Description of the task: Would you please give the entries again word for word, with no images in your copy?
══════════
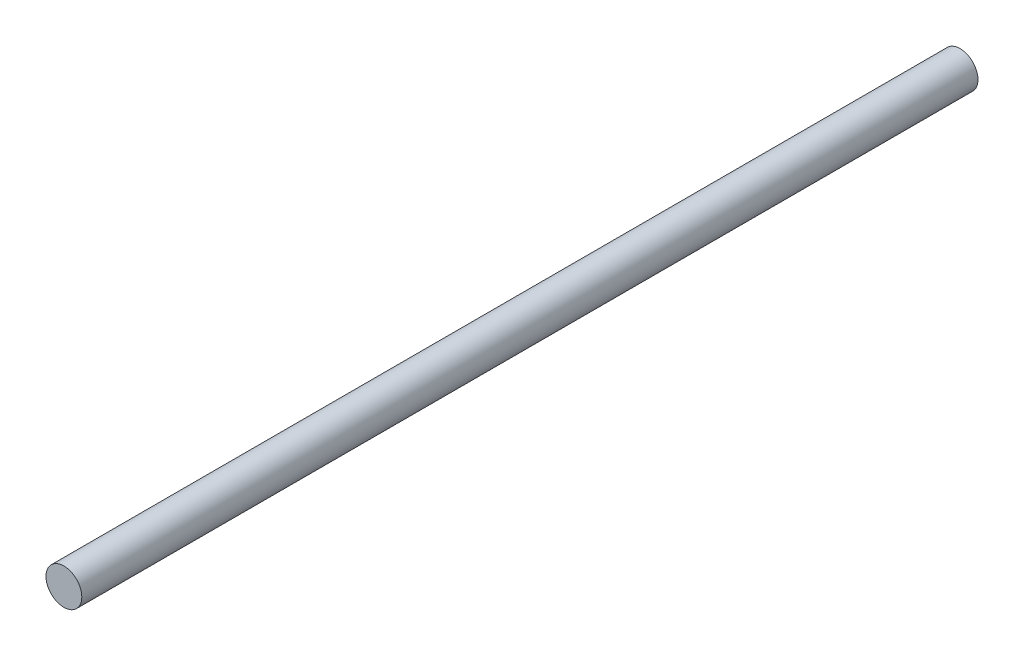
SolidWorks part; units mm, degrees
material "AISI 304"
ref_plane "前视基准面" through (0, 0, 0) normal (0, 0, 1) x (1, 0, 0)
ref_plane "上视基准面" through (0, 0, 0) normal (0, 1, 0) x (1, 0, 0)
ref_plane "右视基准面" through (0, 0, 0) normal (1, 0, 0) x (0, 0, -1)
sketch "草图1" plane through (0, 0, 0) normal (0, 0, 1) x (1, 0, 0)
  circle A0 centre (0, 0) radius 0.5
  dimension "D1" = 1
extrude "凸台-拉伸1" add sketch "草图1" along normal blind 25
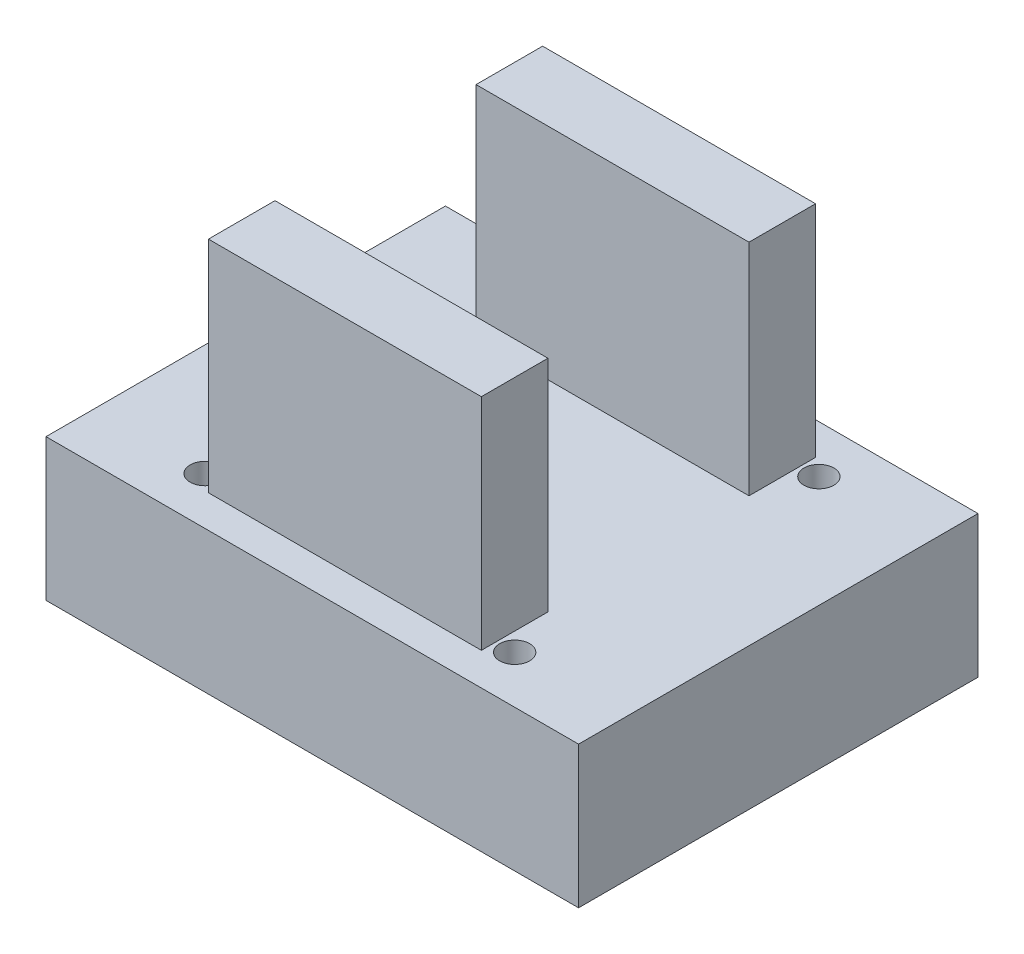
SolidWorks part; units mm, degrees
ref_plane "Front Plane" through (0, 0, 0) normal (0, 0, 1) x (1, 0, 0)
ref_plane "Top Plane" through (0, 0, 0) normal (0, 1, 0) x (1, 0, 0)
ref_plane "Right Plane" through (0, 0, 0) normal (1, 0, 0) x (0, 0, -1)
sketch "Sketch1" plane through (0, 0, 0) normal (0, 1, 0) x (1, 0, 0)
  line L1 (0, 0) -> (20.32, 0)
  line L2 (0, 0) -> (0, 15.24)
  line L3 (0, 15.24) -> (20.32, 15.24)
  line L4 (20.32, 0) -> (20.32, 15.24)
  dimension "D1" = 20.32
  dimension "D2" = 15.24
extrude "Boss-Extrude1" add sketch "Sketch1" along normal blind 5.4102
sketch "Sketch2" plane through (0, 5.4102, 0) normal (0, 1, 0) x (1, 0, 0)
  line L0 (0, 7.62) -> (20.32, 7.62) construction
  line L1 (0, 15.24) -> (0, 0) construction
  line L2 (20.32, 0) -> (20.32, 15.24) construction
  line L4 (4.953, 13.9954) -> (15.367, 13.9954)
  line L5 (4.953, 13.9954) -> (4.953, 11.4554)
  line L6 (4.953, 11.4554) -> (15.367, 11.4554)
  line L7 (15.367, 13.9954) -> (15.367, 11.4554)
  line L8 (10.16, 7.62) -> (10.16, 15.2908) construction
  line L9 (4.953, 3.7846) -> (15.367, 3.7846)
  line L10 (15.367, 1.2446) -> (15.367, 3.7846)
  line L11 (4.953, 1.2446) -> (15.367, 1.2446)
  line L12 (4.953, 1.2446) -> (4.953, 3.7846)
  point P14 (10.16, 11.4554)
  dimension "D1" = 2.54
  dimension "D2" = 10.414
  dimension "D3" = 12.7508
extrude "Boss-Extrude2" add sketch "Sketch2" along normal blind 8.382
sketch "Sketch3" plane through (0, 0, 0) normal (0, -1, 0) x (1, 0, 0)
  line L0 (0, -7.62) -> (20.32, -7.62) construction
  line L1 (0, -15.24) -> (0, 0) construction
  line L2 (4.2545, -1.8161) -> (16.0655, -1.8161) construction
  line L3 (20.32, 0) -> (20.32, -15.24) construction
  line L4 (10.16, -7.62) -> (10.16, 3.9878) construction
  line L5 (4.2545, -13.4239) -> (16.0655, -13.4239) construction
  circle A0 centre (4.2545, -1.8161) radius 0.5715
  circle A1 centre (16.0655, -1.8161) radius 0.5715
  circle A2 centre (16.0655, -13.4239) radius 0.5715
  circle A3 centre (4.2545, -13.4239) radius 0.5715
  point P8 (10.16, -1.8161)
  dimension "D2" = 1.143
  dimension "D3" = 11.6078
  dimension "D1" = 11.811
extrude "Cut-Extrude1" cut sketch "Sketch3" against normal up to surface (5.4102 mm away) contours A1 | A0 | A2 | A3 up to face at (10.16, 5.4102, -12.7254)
══════════
Task answer:
SolidWorks part; units mm, degrees
material "AISI 304"
ref_plane "前视基准面" through (0, 0, 0) normal (0, 0, 1) x (1, 0, 0)
ref_plane "上视基准面" through (0, 0, 0) normal (0, 1, 0) x (1, 0, 0)
ref_plane "右视基准面" through (0, 0, 0) normal (1, 0, 0) x (0, 0, -1)
sketch "草图1" plane through (0, 0, 0) normal (0, 0, 1) x (1, 0, 0)
  circle A0 centre (0, 0) radius 0.5
  dimension "D1" = 1
extrude "凸台-拉伸1" add sketch "草图1" along normal blind 25
SolidWorks part; units mm, degrees
ref_plane "Front Plane" through (0, 0, 0) normal (0, 0, 1) x (1, 0, 0)
ref_plane "Top Plane" through (0, 0, 0) normal (0, 1, 0) x (1, 0, 0)
ref_plane "Right Plane" through (0, 0, 0) normal (1, 0, 0) x (0, 0, -1)
sketch "Sketch1" plane through (0, 0, 0) normal (0, 1, 0) x (1, 0, 0)
  line L1 (0, 0) -> (20.32, 0)
  line L2 (0, 0) -> (0, 15.24)
  line L3 (0, 15.24) -> (20.32, 15.24)
  line L4 (20.32, 0) -> (20.32, 15.24)
  dimension "D1" = 20.32
  dimension "D2" = 15.24
extrude "Boss-Extrude1" add sketch "Sketch1" along normal blind 5.4102
sketch "Sketch2" plane through (0, 5.4102, 0) normal (0, 1, 0) x (1, 0, 0)
  line L0 (0, 7.62) -> (20.32, 7.62) construction
  line L1 (0, 15.24) -> (0, 0) construction
  line L2 (20.32, 0) -> (20.32, 15.24) construction
  line L4 (4.953, 13.9954) -> (15.367, 13.9954)
  line L5 (4.953, 13.9954) -> (4.953, 11.4554)
  line L6 (4.953, 11.4554) -> (15.367, 11.4554)
  line L7 (15.367, 13.9954) -> (15.367, 11.4554)
  line L8 (10.16, 7.62) -> (10.16, 15.2908) construction
  line L9 (4.953, 3.7846) -> (15.367, 3.7846)
  line L10 (15.367, 1.2446) -> (15.367, 3.7846)
  line L11 (4.953, 1.2446) -> (15.367, 1.2446)
  line L12 (4.953, 1.2446) -> (4.953, 3.7846)
  point P14 (10.16, 11.4554)
  dimension "D1" = 2.54
  dimension "D2" = 10.414
  dimension "D3" = 12.7508
extrude "Boss-Extrude2" add sketch "Sketch2" along normal blind 8.382
sketch "Sketch3" plane through (0, 0, 0) normal (0, -1, 0) x (1, 0, 0)
  line L0 (0, -7.62) -> (20.32, -7.62) construction
  line L1 (0, -15.24) -> (0, 0) construction
  line L2 (4.2545, -1.8161) -> (16.0655, -1.8161) construction
  line L3 (20.32, 0) -> (20.32, -15.24) construction
  line L4 (10.16, -7.62) -> (10.16, 3.9878) construction
  line L5 (4.2545, -13.4239) -> (16.0655, -13.4239) construction
  circle A0 centre (4.2545, -1.8161) radius 0.5715
  circle A1 centre (16.0655, -1.8161) radius 0.5715
  circle A2 centre (16.0655, -13.4239) radius 0.5715
  circle A3 centre (4.2545, -13.4239) radius 0.5715
  point P8 (10.16, -1.8161)
  dimension "D2" = 1.143
  dimension "D3" = 11.6078
  dimension "D1" = 11.811
extrude "Cut-Extrude1" cut sketch "Sketch3" against normal up to surface (5.4102 mm away) contours A1 | A0 | A2 | A3 up to face at (10.16, 5.4102, -12.7254)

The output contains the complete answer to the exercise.